A photo of a wasteland taken through a misty lens, a happy accident, a fleeting truth.

There was a dog which teetered there, probably still does. It’s broken eyes and fur seeming to sum up the whole duality of the supposedly forsaken city, for it’s sad eyes still glowed, if you looked deeply enough into them.

One night a man and woman quarrelled in the centre of that fenced off quadrant of the city, and he wondered how they had reached that point, gotten all the way out there.

Amongst the rubble, trash and detritus – broken concrete and forgotten traces of blood.

Back in his four star hotel he sat on the edge of the bed and reflected upon the days before. Five or six in total, he was no longer sure exactly.

Never before had he seen a place so simultaneously dead and alive.

He thought of his illicit liaison with the maid the previous afternoon, and then of the opaque sun rise this morning. And it was virtually impossible to say whether or not there had been any events in between.

Then he caught sight of the troubled look on his face, suspended in the mirror, like a dead fish in a frozen lake.

Letters

He had been arranging his letters for over thirty years. Longer than his daughter had lived. The Sunday morning routine always began in precisely the same way. Boil the kettle, make the tea, open the windows, go to the toilet, a small breakfast, another cup of tea in front of the television.

Open the post.

Archive the letters.

His system for doing this had become increasingly elaborate over the dwindling years. Sometimes he thought of simplifying it by a few degrees, but invariably concluded that it was the way it was for a reason.

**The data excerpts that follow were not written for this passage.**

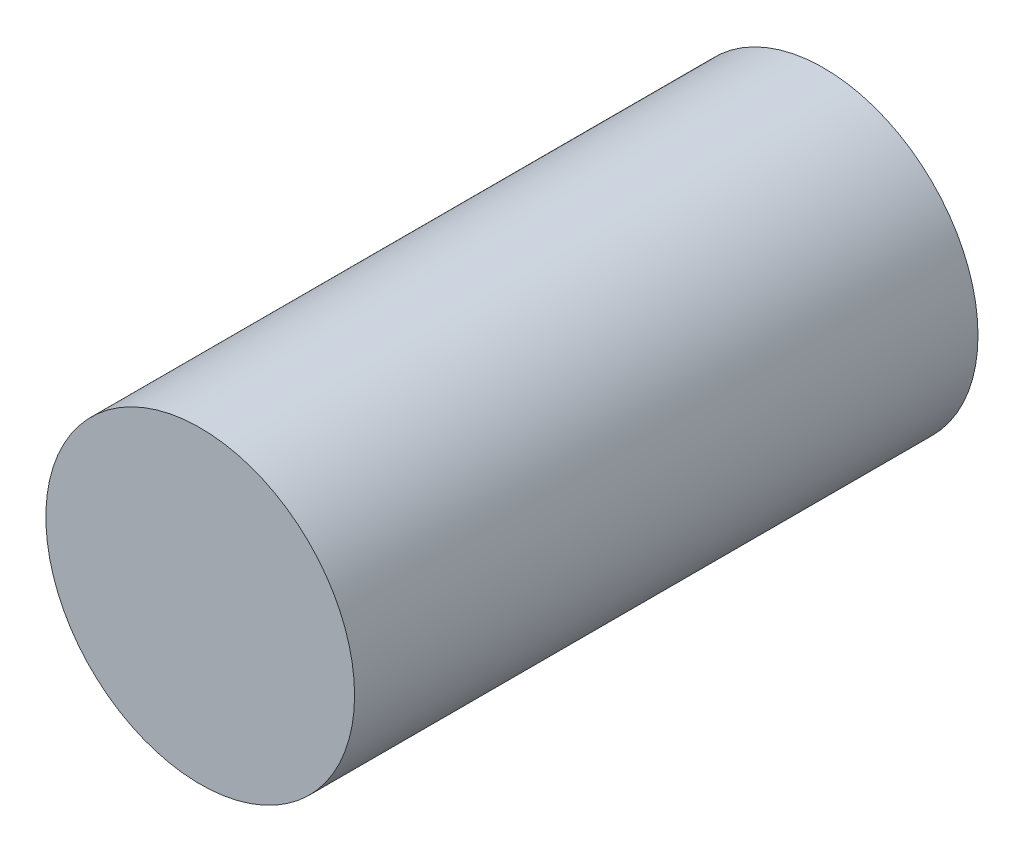
from build123d import *

# Parameters (mm, degrees)
SKETCH1_R           = 9.904011466
BOSS_EXTRUDE1_DEPTH = 40


with BuildPart() as part:
    # Sketch1 → Boss-Extrude1 (new body)
    with BuildSketch(Plane.XY):
        Circle(SKETCH1_R)
    extrude(amount=BOSS_EXTRUDE1_DEPTH)


solid = part.part

Certain troublesome letters bucked the system. For instance bills, that were also advertising. Or promotions, from companies who he already had a business relationship with.

Some told him that he had lost site of what was truly important in life, claimed that he had once done so much more with his time. But he didn’t recall this, felt that he had always been this way.

One day his daughter went blind and turned bitter. All at once, just like that. Words he had never heard (from anybody - let alone his dear Slyvia) lurched from her mouth liked riled insects without notice or warning.

And as a result he lost track of his archives, of his systems and cross-references and hitherto important sounding updates.

Yet, he still couldn’t quite bring himself to throw the paper away so he dumped the letters in the office, and when that became too much he used the little prefab shed at the bottom of the garden.

Then August brought with it an uncharacteristic storm of tropical intensity, that toppled trees, felled power lines, and spiced up the local news.

His daughter screamed into the wind and rain and he began to masturbate compulsively and joylessly, as a mere distraction. And then, in the middle of the night, the gale tore the roof from its foundations and the water poured in from the heavens to bless the domestic.

And the rain devoured the paper, and the wind lifted the pulp, while the sky enveloped it all.

A life in the Day (Three Options)

The day starts – same as always. Usual stains, usual marks. Usual remarks. He’s been working with these people for two years now, and he doesn’t know any of them.

Graham tells him to do the toilets when he’s finished the counter. Then Sally argues with Graham about the pay roll figures.

The stains he’s cleaning up now are the same stains he cleans up everyday. Same colours, same shapes. He’s been here too long, but doesn’t plan to leave anytime soon.

Kate arrives, a little late. Sally and Graham argue about this as well, sometimes. Kate is pretty pretty, for this place. But he doesn’t get to speak to Kate much. Kate being out front, and him being mainly out back. He sometimes gets a good glance of Kate’s tits when she leans over to serve a customer, but that’s about it. He’s looking at Kate’s tits, and they’re looking at their Hamburgers. Funny world.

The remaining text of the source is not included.